(Data entries)
============================================================

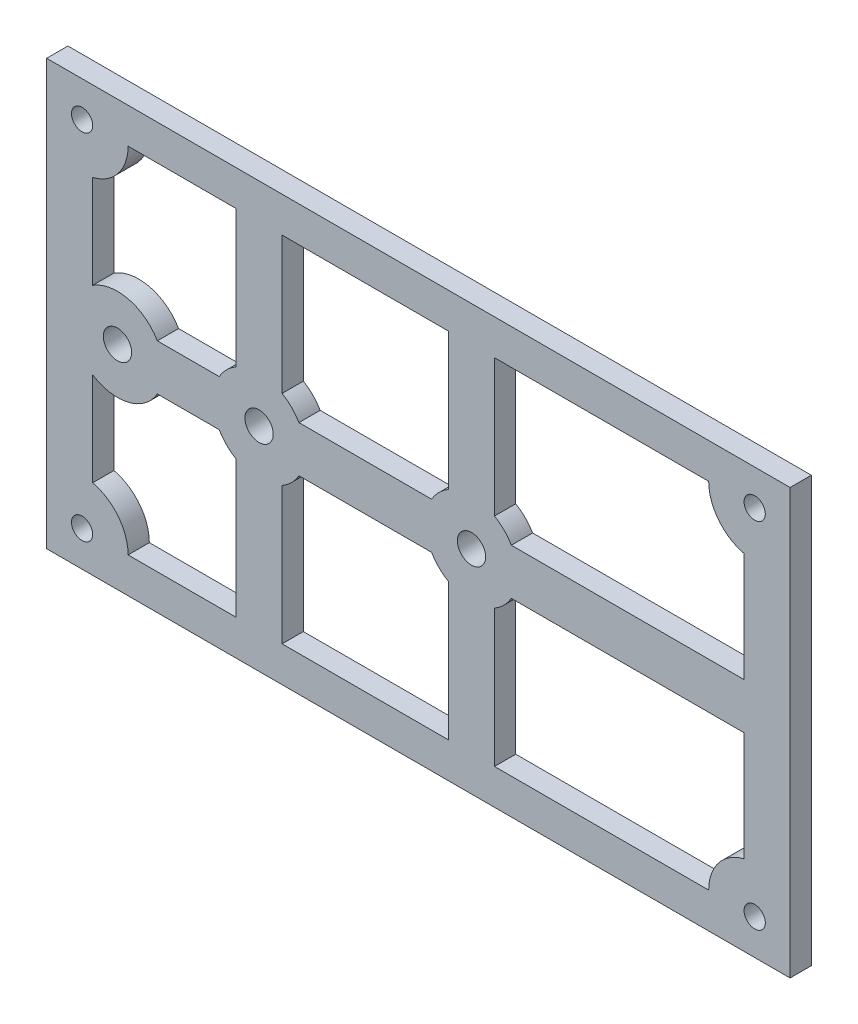
SolidWorks part; units mm, degrees
ref_plane "Front Plane" through (0, 0, 0) normal (0, 0, 1) x (1, 0, 0)
ref_plane "Top Plane" through (0, 0, 0) normal (0, 1, 0) x (1, 0, 0)
ref_plane "Right Plane" through (0, 0, 0) normal (1, 0, 0) x (0, 0, -1)
sketch "Sketch2" plane through (0, 0, 0) normal (0, 0, 1) x (1, 0, 0)
  line L0 (0, 30) -> (0, -30) construction
  line L1 (-52.5, -30) -> (52.5, -30)
  line L2 (-52.5, -30) -> (-52.5, 30)
  line L3 (-52.5, 30) -> (52.5, 30)
  line L4 (52.5, -30) -> (52.5, 30)
  line L5 (-52.5, -30) -> (52.5, 30) construction
  line L6 (-52.5, 30) -> (52.5, -30) construction
  line L7 (-52.5, 0) -> (52.5, 0) construction
  point P0 (0, 0)
  dimension "D1" = 105
  dimension "D2" = 60
extrude "Boss-Extrude1" add sketch "Sketch2" along normal blind 3
sketch "Sketch3" plane through (0, 0, 3) normal (0, 0, 1) x (1, 0, 0)
  line L0 (0, 30) -> (0, -30) construction
  line L1 (52.5, 30) -> (-52.5, 30) construction
  line L2 (-52.5, -30) -> (52.5, -30) construction
  line L3 (-52.5, 0) -> (52.5, 0) construction
  line L4 (-52.5, 30) -> (-52.5, -30) construction
  line L5 (52.5, -30) -> (52.5, 30) construction
  circle A0 centre (-47.5, 25) radius 1.5
  circle A1 centre (47.5, 25) radius 1.5
  circle A2 centre (47.5, -25) radius 1.5
  circle A3 centre (-47.5, -25) radius 1.5
  circle A4 centre (-42.5, 0) radius 2
  circle A5 centre (-22.5, 0) radius 2
  circle A6 centre (7.5, 0) radius 2
  dimension "D1" = 3
  dimension "D2" = 4
  dimension "D3" = 10
  dimension "D4" = 30
  dimension "D6" = 4
  dimension "D7" = 4
  dimension "D8" = 5
  dimension "D5" = 20
  dimension "D9" = 5
extrude "Cut-Extrude1" cut sketch "Sketch3" against normal through all
sketch "Sketch4" plane through (0, 0, 3) normal (0, 0, 1) x (1, 0, 0)
  line L0 (0, 30) -> (0, -30) construction
  line L1 (52.5, 30) -> (-52.5, 30) construction
  line L2 (-52.5, -30) -> (52.5, -30) construction
  line L3 (-52.5, 0) -> (52.5, 0) construction
  line L4 (-52.5, 30) -> (-52.5, -30) construction
  line L5 (52.5, -30) -> (52.5, 30) construction
  line L7 (-41, 25) -> (-25.75, 25)
  line L8 (-46, 18.6754) -> (-46, 5.4772)
  line L11 (-19.25, 25) -> (4.25, 25)
  line L20 (46, 18.6754) -> (46, 3.25)
  line L21 (41, 25) -> (10.75, 25)
  line L25 (-16.8708, 3.25) -> (1.8708, 3.25)
  line L27 (-25.75, 25) -> (-25.75, 5.6292)
  line L28 (-36.8708, 3.25) -> (-28.1292, 3.25)
  line L29 (-19.25, 25) -> (-19.25, 5.6292)
  line L31 (4.25, 25) -> (4.25, 5.6292)
  line L32 (-22.5, 0) -> (-22.5, 43.9564) construction
  line L34 (10.75, 25) -> (10.75, 5.6292)
  line L35 (46, 3.25) -> (13.1292, 3.25)
  line L36 (7.5, 0) -> (7.5, 48.1489) construction
  line L37 (46, -3.25) -> (13.1292, -3.25)
  line L38 (46, -18.6754) -> (46, -3.25)
  line L39 (41, -25) -> (10.75, -25)
  line L40 (10.75, -25) -> (10.75, -5.6292)
  line L41 (-16.8708, -3.25) -> (1.8708, -3.25)
  line L42 (4.25, -25) -> (4.25, -5.6292)
  line L43 (-19.25, -25) -> (-19.25, -5.6292)
  line L44 (-19.25, -25) -> (4.25, -25)
  line L45 (-46, -18.6754) -> (-46, -5.4772)
  line L46 (-36.8708, -3.25) -> (-28.1292, -3.25)
  line L47 (-25.75, -25) -> (-25.75, -5.6292)
  line L48 (-41, -25) -> (-25.75, -25)
  arc A0 (-46, 18.6754) -> (-41, 25) centre (-47.5, 25) ccw construction
  arc A1 (-41, 25) -> (-46, 18.6754) centre (-47.5, 25) cw
  arc A2 (-46, 5.4772) -> (-36.8708, 3.25) centre (-42.5, 0) cw
  circle A5 centre (-22.5, 0) radius 6.5 construction
  arc A6 (-28.1292, 3.25) -> (-25.75, 5.6292) centre (-22.5, 0) cw
  circle A7 centre (7.5, 0) radius 6.5 construction
  arc A8 (-36.8708, 3.25) -> (-46, 5.4772) centre (-42.5, 0) ccw construction
  arc A9 (41, 25) -> (46, 18.6754) centre (47.5, 25) ccw
  circle A10 centre (-22.5, 0) radius 6.5 construction
  arc A11 (1.8708, 3.25) -> (4.25, 5.6292) centre (7.5, 0) cw
  arc A13 (-19.25, 5.6292) -> (-16.8708, 3.25) centre (-22.5, 0) cw
  arc A15 (10.75, 5.6292) -> (13.1292, 3.25) centre (7.5, 0) cw
  arc A16 (41, -25) -> (46, -18.6754) centre (47.5, -25) cw
  arc A17 (10.75, -5.6292) -> (13.1292, -3.25) centre (7.5, 0) ccw
  arc A18 (1.8708, -3.25) -> (4.25, -5.6292) centre (7.5, 0) ccw
  arc A19 (-19.25, -5.6292) -> (-16.8708, -3.25) centre (-22.5, 0) ccw
  arc A20 (-46, -5.4772) -> (-36.8708, -3.25) centre (-42.5, 0) ccw
  arc A21 (-41, -25) -> (-46, -18.6754) centre (-47.5, -25) ccw
  arc A22 (-28.1292, -3.25) -> (-25.75, -5.6292) centre (-22.5, 0) ccw
  dimension "D4" = 13
  dimension "D3" = 13
  dimension "D5" = 13
  dimension "D6" = 13
  dimension "D1" = 6.5
  dimension "D2" = 6.5
  dimension "D7" = 6.5
  dimension "D8" = 6.5
  dimension "D9" = 6.5
extrude "Cut-Extrude2" cut sketch "Sketch4" against normal through all
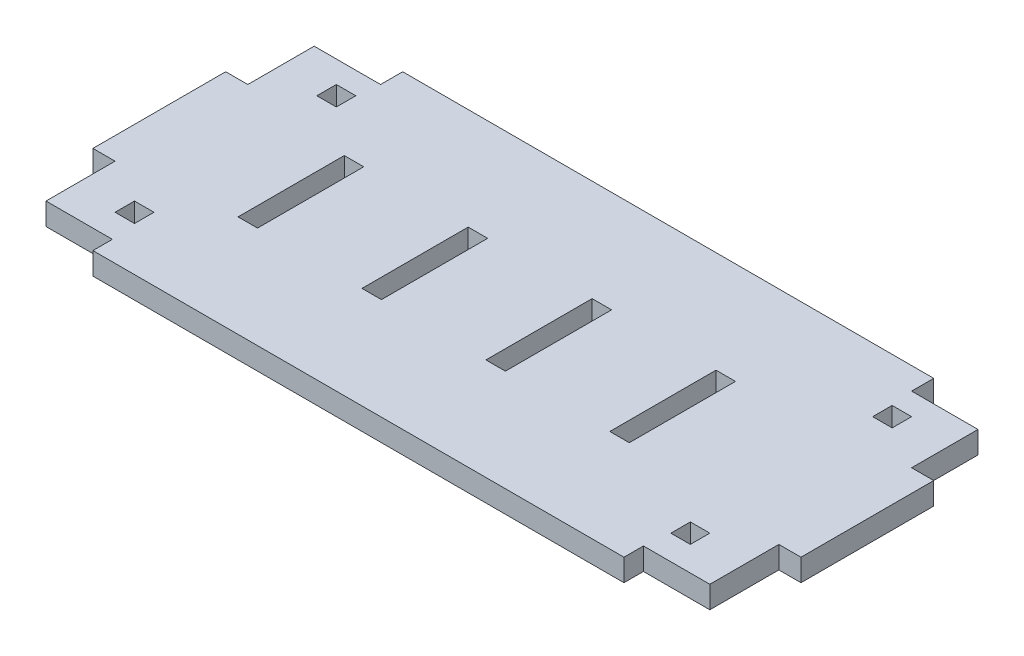
SolidWorks part; units mm, degrees
other "tab2"
ref_plane "Front Plane" through (0, 0, 0) normal (0, 0, 1) x (1, 0, 0)
ref_plane "Top Plane" through (0, 0, 0) normal (0, 1, 0) x (1, 0, 0)
ref_plane "Right Plane" through (0, 0, 0) normal (1, 0, 0) x (0, 0, -1)
sketch "Sketch1" plane through (0, 0, 0) normal (0, 1, 0) x (1, 0, 0)
  line L1 (-95.25, -44.45) -> (95.25, -44.45)
  line L2 (-95.25, -44.45) -> (-95.25, 44.45)
  line L3 (-95.25, 44.45) -> (95.25, 44.45)
  line L4 (95.25, -44.45) -> (95.25, 44.45)
  line L5 (-95.25, -44.45) -> (95.25, 44.45) construction
  line L6 (-95.25, 44.45) -> (95.25, -44.45) construction
  point P0 (0, 0)
  dimension "D1" = 190.5
  dimension "D2" = 88.9
extrude "Boss-Extrude1" add sketch "Sketch1" along normal blind 6.35
sketch "Sketch2" plane through (0, 6.35, 0) normal (0, 1, 0) x (1, 0, 0)
  line L0 (-55, 0) -> (55, 0) construction
  line L1 (-63.754, 15.24) -> (-58.166, 15.24)
  line L2 (-63.754, 15.24) -> (-63.754, -15.24)
  line L3 (-63.754, -15.24) -> (-58.166, -15.24)
  line L4 (-58.166, 15.24) -> (-58.166, -15.24)
  line L5 (-63.754, 15.24) -> (-58.166, -15.24) construction
  line L6 (-63.754, -15.24) -> (-58.166, 15.24) construction
  line L7 (0, -55) -> (0, 55) construction
  line L8 (-28.194, 15.24) -> (-22.606, 15.24)
  line L9 (-28.194, 15.24) -> (-28.194, -15.24)
  line L10 (-28.194, -15.24) -> (-22.606, -15.24)
  line L11 (-22.606, 15.24) -> (-22.606, -15.24)
  line L12 (-28.194, 15.24) -> (-22.606, -15.24) construction
  line L13 (-28.194, -15.24) -> (-22.606, 15.24) construction
  line L14 (7.366, 15.24) -> (12.954, 15.24)
  line L15 (7.366, 15.24) -> (7.366, -15.24)
  line L16 (7.366, -15.24) -> (12.954, -15.24)
  line L17 (12.954, 15.24) -> (12.954, -15.24)
  line L18 (7.366, 15.24) -> (12.954, -15.24) construction
  line L19 (7.366, -15.24) -> (12.954, 15.24) construction
  line L20 (42.926, 15.24) -> (48.514, 15.24)
  line L21 (42.926, 15.24) -> (42.926, -15.24)
  line L22 (42.926, -15.24) -> (48.514, -15.24)
  line L23 (48.514, 15.24) -> (48.514, -15.24)
  line L24 (42.926, 15.24) -> (48.514, -15.24) construction
  line L25 (42.926, -15.24) -> (48.514, 15.24) construction
  line L26 (-60.96, 0) -> (-25.4, 0) construction
  point P0 (-60.96, 0)
  point P10 (-25.4, 0)
  point P15 (10.16, 0)
  point P20 (45.72, 0)
  dimension "D1" = 5.588
  dimension "D2" = 30.48
  dimension "D3" = 25.4
  dimension "D5" = 35.56
  dimension "D4" = 4
extrude "hole" cut sketch "Sketch2" against normal blind 6.35
sketch "Sketch3" plane through (-95.25, 0, 0) normal (-1, 0, 0) x (0, 0, 1)
  line L0 (-44.45, 6.35) -> (44.45, 6.35) construction
  line L1 (-19.05, 6.35) -> (19.05, 6.35)
  line L2 (-19.05, 6.35) -> (-19.05, 0)
  line L3 (-19.05, 0) -> (19.05, 0)
  line L4 (19.05, 6.35) -> (19.05, 0)
  line L5 (-44.45, 0) -> (44.45, 0) construction
  line L6 (-44.45, 6.35) -> (-44.45, 0) construction
  line L7 (44.45, 6.35) -> (44.45, 0) construction
  point P8 (-44.45, 3.175)
  dimension "D1" = 25.4
  dimension "D2" = 25.4
extrude "tab1" add sketch "Sketch3" along normal blind 6.35
sketch "Sketch4" plane through (95.25, 0, 0) normal (1, 0, 0) x (0, 0, -1)
  line L0 (-44.45, 6.35) -> (44.45, 6.35) construction
  line L1 (-19.05, 6.35) -> (19.05, 6.35)
  line L2 (-19.05, 6.35) -> (-19.05, 0)
  line L3 (-19.05, 0) -> (19.05, 0)
  line L4 (19.05, 6.35) -> (19.05, 0)
  line L5 (-44.45, 0) -> (44.45, 0) construction
  line L6 (-44.45, 6.35) -> (-44.45, 0) construction
  line L7 (44.45, 6.35) -> (44.45, 0) construction
  dimension "D1" = 25.4
  dimension "D2" = 25.4
extrude "tab2" add sketch "Sketch4" along normal blind 6.35
sketch "Sketch5" plane through (0, 6.35, 0) normal (0, 1, 0) x (1, 0, 0)
  line L0 (95.25, 44.45) -> (-95.25, 44.45) construction
  line L1 (-82.55, 31.75) -> (-76.962, 31.75)
  line L2 (-82.55, 31.75) -> (-82.55, 26.162)
  line L3 (-82.55, 26.162) -> (-76.962, 26.162)
  line L4 (-76.962, 31.75) -> (-76.962, 26.162)
  line L5 (-95.25, 44.45) -> (-95.25, 19.05) construction
  dimension "D1" = 5.588
  dimension "D2" = 5.588
  dimension "D3" = 12.7
  dimension "D4" = 12.7
extrude "dowel1" cut sketch "Sketch5" against normal up to next (6.35 mm away)
mirror "Mirror1" about plane through (0, 0, 0) normal (1, 0, 0) of "dowel1"
mirror "Mirror2" about plane through (0, 0, 0) normal (0, 0, 1) of "Mirror1", "dowel1"
sketch "Sketch6" plane through (0, 6.35, 0) normal (0, 1, 0) x (1, 0, 0)
  line L1 (-95.25, -44.45) -> (-76.2, -44.45)
  line L2 (-95.25, -44.45) -> (-95.25, -38.862)
  line L3 (-95.25, -38.862) -> (-76.2, -38.862)
  line L4 (-76.2, -44.45) -> (-76.2, -38.862)
  line L5 (95.25, -44.45) -> (76.2, -44.45)
  line L6 (95.25, -44.45) -> (95.25, -38.862)
  line L7 (95.25, -38.862) -> (76.2, -38.862)
  line L8 (76.2, -44.45) -> (76.2, -38.862)
  line L9 (-95.25, 44.45) -> (-76.2, 44.45)
  line L10 (-95.25, 44.45) -> (-95.25, 38.1)
  line L11 (-95.25, 38.1) -> (-76.2, 38.1)
  line L12 (-76.2, 44.45) -> (-76.2, 38.1)
  line L13 (95.25, 44.45) -> (76.2, 44.45)
  line L14 (95.25, 44.45) -> (95.25, 38.1)
  line L15 (95.25, 38.1) -> (76.2, 38.1)
  line L16 (76.2, 44.45) -> (76.2, 38.1)
  dimension "D1" = 5.588
  dimension "D2" = 19.05
  dimension "D3" = 19.05
  dimension "D4" = 6.35
extrude "Cut-Extrude1" cut sketch "Sketch6" against normal through all
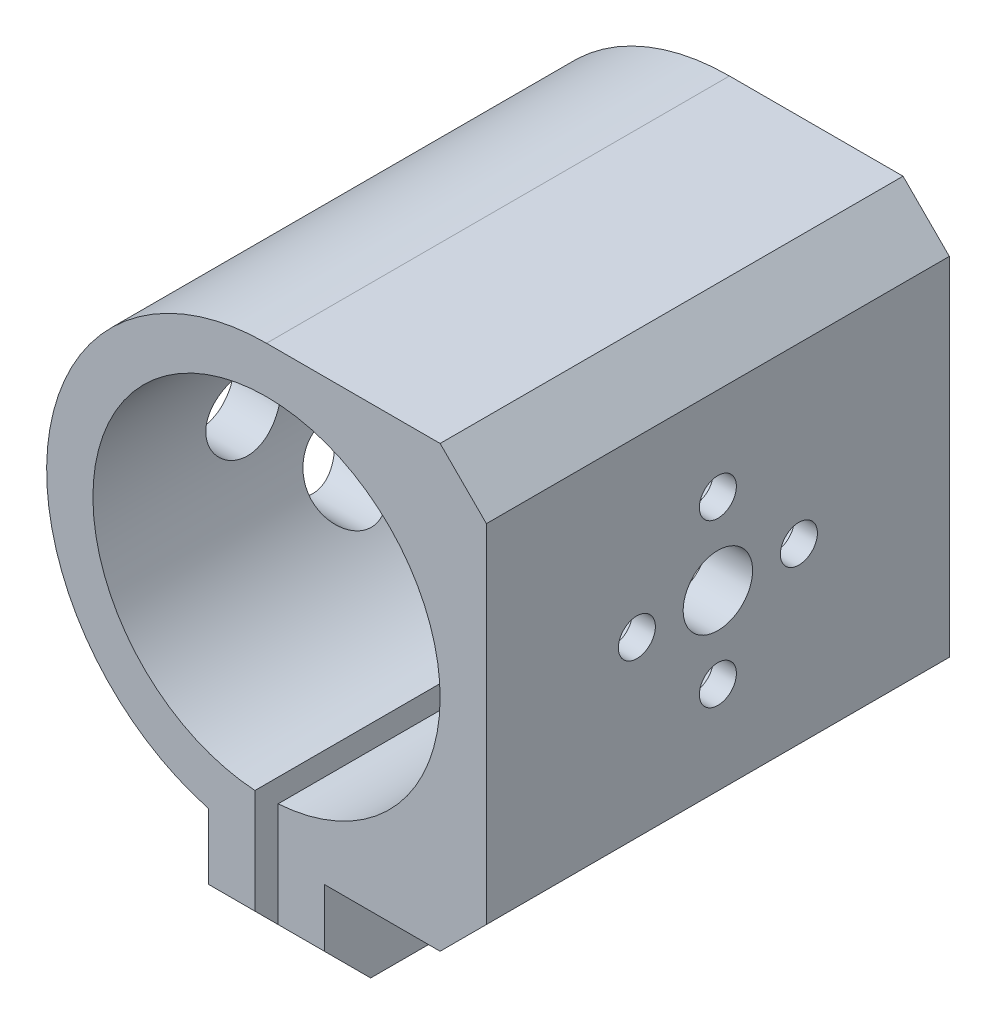
SolidWorks part; units mm, degrees
material "ABS"
ref_plane "前基準面" through (0, 0, 0) normal (0, 0, 1) x (1, 0, 0)
ref_plane "上基準面" through (0, 0, 0) normal (0, 1, 0) x (1, 0, 0)
ref_plane "右基準面" through (0, 0, 0) normal (1, 0, 0) x (0, 0, -1)
sketch "草圖1" plane through (0, 0, 0) normal (0, 0, 1) x (1, 0, 0)
  line L0 (0, 19) -> (19, 19)
  line L1 (19, 19) -> (19, -19)
  line L2 (19, -19) -> (0, -19)
  arc A0 (0, 19) -> (0, -19) centre (0, 0) ccw
  dimension "D1" = 19
  dimension "D2" = 38
  dimension "D3" = 19
extrude "填料-伸長1" add sketch "草圖1" along normal blind 40
sketch "草圖2" plane through (0, 0, 40) normal (0, 0, 1) x (1, 0, 0)
  line L1 (-5, -28) -> (5, -28)
  line L2 (-5, -28) -> (-5, 0)
  line L3 (-5, 0) -> (5, 0)
  line L4 (5, -28) -> (5, 0)
  line L5 (-5, -28) -> (5, 0) construction
  line L6 (-5, 0) -> (5, -28) construction
  point P0 (0, -14)
  point P5 (0, 0)
  dimension "D1" = 28
  dimension "D2" = 10
extrude "填料-伸長2" add sketch "草圖2" against normal blind 15
sketch "草圖3" plane through (0, 0, 40) normal (0, 0, 1) x (1, 0, 0)
  circle A0 centre (0, 0) radius 15
  dimension "D1" = 30
extrude "除料-伸長1" cut sketch "草圖3" against normal up to next
sketch "草圖4" plane through (0, 0, 0) normal (0, 0, -1) x (-1, 0, 0)
  line L1 (-7, 16) -> (7, 16)
  line L2 (-7, 16) -> (-7, 12)
  line L3 (-7, 12) -> (7, 12)
  line L4 (7, 16) -> (7, 12)
  point P4 (0, 16)
  dimension "D1" = 14
  dimension "D2" = 16
  dimension "D3" = 4
extrude "除料-伸長2" cut sketch "草圖4" against normal blind 20
sketch "草圖5" plane through (0, 0, 0) normal (0, 0, -1) x (-1, 0, 0)
  line L1 (-1, -30) -> (1, -30)
  line L2 (-1, -30) -> (-1, 0)
  line L3 (-1, 0) -> (1, 0)
  line L4 (1, -30) -> (1, 0)
  line L5 (-1, -30) -> (1, 0) construction
  line L6 (-1, 0) -> (1, -30) construction
  point P0 (0, -15)
  point P5 (0, 0)
  dimension "D1" = 2
  dimension "D2" = 30
extrude "除料-伸長3" cut sketch "草圖5" against normal up to next
sketch "草圖6" plane through (0, -19, 0) normal (0, -1, 0) x (-1, 0, 0)
  line L0 (0, -40) -> (19, -40) construction
  circle A0 centre (0, -6) radius 11
  dimension "D1" = 22
  dimension "D2" = 34
  dimension "D3" = 18.925
extrude "除料-伸長4" cut sketch "草圖6" against normal blind 20
sketch "草圖7" plane through (19, 0, 0) normal (1, 0, 0) x (0, 0, -1)
  line L0 (-40, 19) -> (0, 19) construction
  line L1 (0, -19) -> (0, 19) construction
  circle A0 centre (-20, 0) radius 3
  point P5 (-20, 19)
  point P9 (0, 0)
  dimension "D1" = 6
extrude "除料-伸長5" cut sketch "草圖7" against normal through all
ref_plane "平面1" through (17, 0, 0) normal (1, 0, 0) x (0, 0, -1)
sketch "草圖14" plane through (19, 0, 0) normal (1, 0, 0) x (0, 0, -1)
  line L0 (-40, 19) -> (0, 19) construction
  circle A0 centre (-20, 7) radius 1.6
  circle A1 centre (-20, 0) radius 3 construction
  point P7 (-20, 19)
  dimension "D1" = 3.2
  dimension "D2" = 7
extrude "除料-伸長6" cut sketch "草圖14" against normal blind 10
sketch "草圖15" plane through (17, 0, 0) normal (1, 0, 0) x (0, 0, -1)
  circle A0 centre (-20, 7) radius 3.25
  dimension "D1" = 6.5
extrude "除料-伸長7" cut sketch "草圖15" against normal through all
pattern_circular "環狀複製排列1" count 4 over 360 about axis through (0, 0, 20) along (1, 0, 0) of "除料-伸長7", "除料-伸長6"
chamfer "導角1" distance 4 angle 45 6 edges at (19, -19, 20) (19, 19, 20) (3, -28, 25) (-3, -28, 25) (-3, -28, 40) (3, -28, 40)
sketch "草圖16" plane through (-5, 0, 0) normal (-1, 0, 0) x (0, 0, 1)
  line L0 (29, -28) -> (36, -28) construction
  line L2 (29, -28) -> (36, -28) construction
  circle A0 centre (32.5, -23) radius 2.25
  point P5 (32.5, -28)
  dimension "D1" = 4.5
  dimension "D2" = 5
extrude "除料-伸長8" cut sketch "草圖16" against normal through all
sketch "草圖17" plane through (0, -19, 0) normal (0, -1, 0) x (-1, 0, 0)
  line L0 (-11, 6.2) -> (11, 6.2)
  line L1 (-11, 6.2) -> (-11, -6.2)
  line L2 (11, 6.2) -> (11, -6.2)
  line L3 (-11, -6.2) -> (11, -6.2)
  line L4 (-11, 6.2) -> (11, -6.2) construction
  line L5 (11, 6.2) -> (-11, -6.2) construction
  point P1 (0, 0)
  dimension "D1" = 22
  dimension "D2" = 12.4
extrude "除料-伸長10" cut sketch "草圖17" against normal blind 10

============================================================

**TASK STATEMENT**
Say, as a bare number, how many lines in the entries above include the string "Boss".

**WRITTEN ANSWER**
2